He snorted at that remark. The nurse smiled and left the room.
"Where's your mother?"
"Having some tea. Downstairs in the cafeteria with Brother Jerome."
"Louis, Dad, it's Louis."
My father nodded. He had never been comfortable using Louis's new name. He had never quite adjusted to the religious and spiritual process of the Roman Catholic Church when she stripped off his birth name, Louis Paul Korzeniowski, like some old, tattered label, and renamed him Brother Jerome once he took his final vows.
"And no doubt they're planning the funeral service?"
"I wonder what it's like to have your own son administer the last rites?"
"You're far from the last rites."
Louis is one of my older brothers, who is a Benedictine monk. After morning mass at St. Anselm's Monastery in Washington, D.C., he took the Amtrak north and arrived in New Haven earlier this afternoon. I had driven down to the train station an hour ago to pick him up. He's the only one in our immediate family who lives outside Connecticut. Beth, my only sister, still lives in Wallingford, our hometown; Pete, my oldest brother, lives in West Hartford.
"Didn't anyone tell Louis that an old woodchuck like me doesn't need last rites?"

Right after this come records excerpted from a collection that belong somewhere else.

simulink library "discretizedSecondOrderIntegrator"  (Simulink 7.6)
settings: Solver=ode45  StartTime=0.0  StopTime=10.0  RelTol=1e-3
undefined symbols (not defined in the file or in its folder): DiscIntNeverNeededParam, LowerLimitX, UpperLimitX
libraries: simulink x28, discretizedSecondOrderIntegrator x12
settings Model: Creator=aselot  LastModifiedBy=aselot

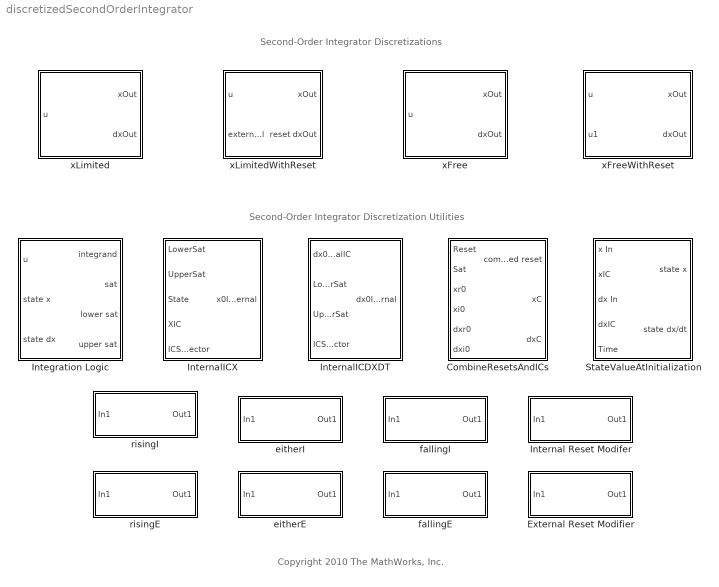
== system discretizedSecondOrderIntegrator ==
  note: Second-Order Integrator Discretizations
  note: Second-Order Integrator Discretization Utilities
  note: Copyright 2010 The MathWorks, Inc.
  CombineResetsAndICs : Subsystem
  External Reset Modifier : Subsystem  BlockChoice=risingE
      settings: TemplateBlock=self  MemberBlocks=eitherE,fallingE,risingE
  Integration Logic : Subsystem
  Internal Reset Modifer : Subsystem  BlockChoice=risingI
      settings: TemplateBlock=self  MemberBlocks=eitherI,fallingI,risingI
  InternalICDXDT : Subsystem  mask{ReinitDXDTwhenXreachesSaturation=off}
      mask prompts: ReinitDXDTwhenXreachesSaturation "Reinitialize dx/dt when x reaches saturation"
      mask init:
      | if strcmp(get_param(gcb, 'ReinitDXDTwhenXreachesSaturation'), 'on')
      |      set_param([gcb '/ReinitializationFlag'], 'Value','1');
      | else
      |     set_param([gcb '/ReinitializationFlag'], 'Value','0');
      | end
  InternalICX : Subsystem
  StateValueAtInitialization : Subsystem
  eitherE : Subsystem
  eitherI : Subsystem
  fallingE : Subsystem
  fallingI : Subsystem
  risingE : Subsystem
  risingI : Subsystem
  xFree : Subsystem  BlockChoice=rising  mask(DiscretizedSecondOrderIntegrator){ICSourceX=internal, ICX=0, LimitX=on, UpperLimitX=1, LowerLimitX=0, ICSourceDXDT=internal, ICDXDT=0, LimitDXDT=off, UpperLimitDXDT=1, LowerLimitDXDT=0, ExternalReset=none, IgnoreStateLimitsAndResetForLinearization=off, ReinitDXDTwhenXreachesSaturation=off, ShowOutput=both, GainValue=1.0, SampleTime=0.1, IntegratorMethod=Integration: Forward Euler}
      mask prompts: ICSourceX "Initial condition source x:"; ICX "Initial condition x:"; LimitX "Limit x"; UpperLimitX "Upper limit x:"; LowerLimitX "Lower limit x:"; ICSourceDXDT "Initial condition source dx/dt:"; ICDXDT "Initial condition dx/dt:"; LimitDXDT "Limit dx/dt"; UpperLimitDXDT "Upper limit dx/dt:"; LowerLimitDXDT "Lower limit dx/dt:"; ExternalReset "External reset"; IgnoreStateLimitsAndResetForLinearization "Ignore state limits and the reset during linearization"; ReinitDXDTwhenXreachesSaturation "Reinitialize dx/dt when x reaches saturation"; ShowOutput "Show output:"; GainValue "Gain value:"; SampleTime "Sample time:"; IntegratorMethod "Integrator method:"
      mask help: A discrete approximation of the continuous Second-Order Integrator block when the states have no limits.
      mask init:
      | configureDiscretizedSecondOrderIntegrator(gcb, 'xFree');
      mask StyleString: popup(internal|external),edit,checkbox,edit,edit,popup(internal|external),edit,checkbox,edit,edit,popup(none),checkbox,checkbox,popup(both|x|dxdt),edit,edit,popup(Integration: Forward Euler|Integration: Backward Euler|Integration: Trapezoidal)
      mask TabNameString: x,x,x,x,x,dx/dt,dx/dt,dx/dt,dx/dt,dx/dt,Attributes,Attributes,Attributes,Attributes,Attributes,Attributes,Attributes
      mask Display:
      | % Draw the icon and label ports for the discretized Second-Order Integrator
      | sIntVariant = 'xFree';
      | 
      | integratorMethod = get_param(gcb, 'IntegratorMethod');
      | 
      | switch(integratorMethod)
      |     case{'Integration: Trapezoidal'}
      |         numerator = 'K^2 Ts^2 (z+1)^2';
      |         text(0.2, 0.6, numerator,'interpreter','tex');
      |         y_line = 0.45;
      |         plot([0.2, 0.8], [y_line,y_line]);
      |         denominator = '4(z-1)^2';
      |         text(0.35, 0.3, denominator,'interpreter','tex');
      |     case{'Integration: Backward Euler'}
      |         numerator = 'K^2 Ts^2 z^2';
      |         text(0.3, 0.63, numerator,'interpreter','tex');
      |         y_line = 0.48;
      |         plot([0.2, 0.8], [y_line,y_line]);
      |         denominator = '(z-1)^2';
      |         text(0.35, 0.33, denominator,'interpreter','tex');
      |     case{'Integration: Forward Euler'}
      |         numerator = 'K^2 Ts^2';
      |         text(0.35, 0.6, numerator,'interpreter','tex');
      |         y_line = 0.45;
      |         plot([0.3, 0.7], [y_line,y_line]);
      |         denominator = '(z-1)^2';
      |         text(0.35, 0.3, denominator,'interpreter','tex');
      | end
      | 
      | portIndex = 1;
      | port_label('input',portIndex,'u');
      | portIndex = portIndex + 1;
      | 
      | if strcmp(sIntVariant, 'xLimitedWithReset') || strcmp(sIntVariant, 'xFreeWithReset')
      |     switch get_param(gcb, 'ExternalReset')
      |         case 'rising'
      |           port_label('input',portIndex,'r');
      |         case 'falling'
      |             port_label('input',portIndex,'f');
      |         case 'either'
      |             port_label('input',portIndex,'e');
      |     end
      |     portIndex = portIndex + 1;
      | end
      | 
      | if strcmp(get_param(gcb,'ICSourceX'),'external')
      |     port_label('input',portIndex,'x_0','texmode','on');
      |     portIndex = portIndex+1;
      | end
      | 
      | if strcmp(get_param(gcb,'ICSourceDXDT'),'external')
      |     port_label('input',portIndex,'dx_0','texmode','on');
      | end
      | 
      | ShowOutput = get_param(gcb,'ShowOutput');
      | 
      | switch ShowOutput
      |     case 'x'
      |         port_label('output',1,'x');
      |     case 'dxdt'
      |         port_label('output',1,'dx');
      |     case 'both'
      |         port_label('output',1,'x');
      |         port_label('output',2,'dx');
      | end
  xFreeWithReset : Subsystem  BlockChoice=rising  mask(DiscretizedSecondOrderIntegrator){ICSourceX=internal, ICX=0, LimitX=on, UpperLimitX=0, LowerLimitX=0, ICSourceDXDT=internal, ICDXDT=0, LimitDXDT=off, UpperLimitDXDT=1, LowerLimitDXDT=0, ExternalReset=rising, IgnoreStateLimitsAndResetForLinearization=off, ReinitDXDTwhenXreachesSaturation=off, ShowOutput=both, GainValue=1.0, SampleTime=0.1, IntegratorMethod=Integration: Forward Euler}
      mask prompts: ICSourceX "Initial condition source x:"; ICX "Initial condition x:"; LimitX "Limit x"; UpperLimitX "Upper limit x:"; LowerLimitX "Lower limit x:"; ICSourceDXDT "Initial condition source dx/dt:"; ICDXDT "Initial condition dx/dt:"; LimitDXDT "Limit dx/dt"; UpperLimitDXDT "Upper limit dx/dt:"; LowerLimitDXDT "Lower limit dx/dt:"; ExternalReset "External reset"; IgnoreStateLimitsAndResetForLinearization "Ignore state limits and the reset during linearization"; ReinitDXDTwhenXreachesSaturation "Reinitialize dx/dt when x reaches saturation"; ShowOutput "Show output:"; GainValue "Gain value:"; SampleTime "Sample time:"; IntegratorMethod "Integrator method:"
      mask help: A discrete approximation of the continuous Second-Order Integrator block when the block has an external reset and the states have no limits.
      mask init:
      | configureDiscretizedSecondOrderIntegrator(gcb, 'xFreeWithReset');
      mask StyleString: popup(internal|external),edit,checkbox,edit,edit,popup(internal|external),edit,checkbox,edit,edit,popup(rising|falling|either),checkbox,checkbox,popup(both|x|dxdt),edit,edit,popup(Integration: Forward Euler|Integration: Backward Euler|Integration: Trapezoidal)
      mask TabNameString: x,x,x,x,x,dx/dt,dx/dt,dx/dt,dx/dt,dx/dt,Attributes,Attributes,Attributes,Attributes,Attributes,Attributes,Attributes
      mask Display:
      | % Draw the icon and label port for the discretized Second-Order Integrator
      | sIntVariant = 'xFreeWithReset';
      | 
      | integratorMethod = get_param(gcb, 'IntegratorMethod');
      | switch(integratorMethod)
      |     case{'Integration: Trapezoidal'}
      |         numerator = 'K^2 Ts^2 (z+1)^2';
      |         text(0.2, 0.6, numerator,'interpreter','tex');
      |         y_line = 0.45;
      |         plot([0.2, 0.8], [y_line,y_line]);
      |         denominator = '4(z-1)^2';
      |         text(0.35, 0.3, denominator,'interpreter','tex');
      |     case{'Integration: Backward Euler'}
      |         numerator = 'K^2 Ts^2 z^2';
      |         text(0.3, 0.63, numerator,'interpreter','tex');
      |         y_line = 0.48;
      |         plot([0.2, 0.8], [y_line,y_line]);
      |         denominator = '(z-1)^2';
      |         text(0.35, 0.33, denominator,'interpreter','tex');
      |     case{'Integration: Forward Euler'}
      |         numerator = 'K^2 Ts^2';
      |         text(0.35, 0.6, numerator,'interpreter','tex');
      |         y_line = 0.45;
      |         plot([0.3, 0.7], [y_line,y_line]);
      |         denominator = '(z-1)^2';
      |         text(0.35, 0.3, denominator,'interpreter','tex');
      | end
      | 
      | portIndex = 1;
      | port_label('input',portIndex,'u');
      | portIndex = portIndex + 1;
      | 
      | if strcmp(sIntVariant, 'xLimitedWithReset') || strcmp(sIntVariant, 'xFreeWithReset')
      |     switch get_param(gcb, 'ExternalReset')
      |         case 'rising'
      |           port_label('input',portIndex,'r');
      |         case 'falling'
      |             port_label('input',portIndex,'f');
      |         case 'either'
      |             port_label('input',portIndex,'e');
      |     end
      |     portIndex = portIndex + 1;
      | end
      | 
      | if strcmp(get_param(gcb,'ICSourceX'),'external')
      |     port_label('input',portIndex,'x_0','texmode','on');
      |     portIndex = portIndex+1;
      | end
      | 
      | if strcmp(get_param(gcb,'ICSourceDXDT'),'external')
      |     port_label('input',portIndex,'dx_0','texmode','on');
      | end
      | 
      | ShowOutput = get_param(gcb,'ShowOutput');
      | 
      | switch ShowOutput
      |     case 'x'
      |         port_label('output',1,'x');
      |     case 'dxdt'
      |         port_label('output',1,'dx');
      |     case 'both'
      |         port_label('output',1,'x');
      |         port_label('output',2,'dx');
      | end
  xLimited : Subsystem  BlockChoice=rising  mask(DiscretizedSecondOrderIntegrator){ICSourceX=internal, ICX=0, LimitX=on, UpperLimitX=1, LowerLimitX=0, ICSourceDXDT=internal, ICDXDT=0, LimitDXDT=off, UpperLimitDXDT=1, LowerLimitDXDT=0, ExternalReset=none, IgnoreStateLimitsAndResetForLinearization=off, ReinitDXDTwhenXreachesSaturation=off, ShowOutput=both, GainValue=1.0, SampleTime=0.1, IntegratorMethod=Integration: Forward Euler}
      mask prompts: ICSourceX "Initial condition source x:"; ICX "Initial condition x:"; LimitX "Limit x"; UpperLimitX "Upper limit x:"; LowerLimitX "Lower limit x:"; ICSourceDXDT "Initial condition source dx/dt:"; ICDXDT "Initial condition dx/dt:"; LimitDXDT "Limit dx/dt"; UpperLimitDXDT "Upper limit dx/dt:"; LowerLimitDXDT "Lower limit dx/dt:"; ExternalReset "External reset"; IgnoreStateLimitsAndResetForLinearization "Ignore state limits and the reset during linearization"; ReinitDXDTwhenXreachesSaturation "Reinitialize dx/dt when x reaches saturation"; ShowOutput "Show output:"; GainValue "Gain value:"; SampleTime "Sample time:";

I didn't respond. I simply gazed at his fine face. Even in his seventies, my father was a handsome man: thick white hair, clear hazel eyes, firm lean lips. I ran a hand through my own hair, thinner now, receding a little, but I knew I would still have hair as I stepped into middle age. I could thank my father for that.
After a moment, after no response to his gloomy challenge, my father murmured, "Well, maybe even old woodchucks do need last rites."
I smiled. "Yeah, I guess so."
My father sighed. "So ... how're things up in New London?"
Last year I had been hired as an assistant professor of English at Connecticut College. "Things are fine."
"What're you teaching?"
"The same thing, Dad. Two comp courses and one creative writing course."
"Teaching them to be creative, huh?"
"A few, I guess."
"How do you do something like that?"
I made a moaning sound. We had been through this numerous times. I don't think my father really understands exactly what I do in creative writing courses. "We're studying poetry now. We read poems, we look at how they work, I give them exercises."
"What kind of exercises?"
"Different things, Dad. Prompts. To give them some ideas."
"Right now, they're writing secrets."
My father turned his face toward me. "Secrets?"
I nodded. "Secrets. What I do is have all the students in class type out a secret, something they've never told anyone—ever. Then I collect them and pass them out to different students."
"I pass out the secrets randomly. Then that student has to use that secret to write a poem."
"Someone gets someone else's secret?"
"And they try to write about it?"
"That's it. Sometimes it works, sometimes it doesn't."
"How did you ever come up with something like that?"
"I didn't. It's in a book. A book of poetry exercises."
"Well." My father uttered that word with conviction.
"Why don't you tell me a secret, Dad?"
He looked at me. "A secret, Tom?"
"Yeah, tell me a secret. Tell me something you've never told anyone so I can write a poem."
"A secret, huh?" He looked away from me and down at the back of his liver-spotted hands, turned them over to gaze at his palms, and then turned them back again. "I'm seventy-five. Do you know how old was when she died?"
I shook my head. Babka was my grandmother, his mother.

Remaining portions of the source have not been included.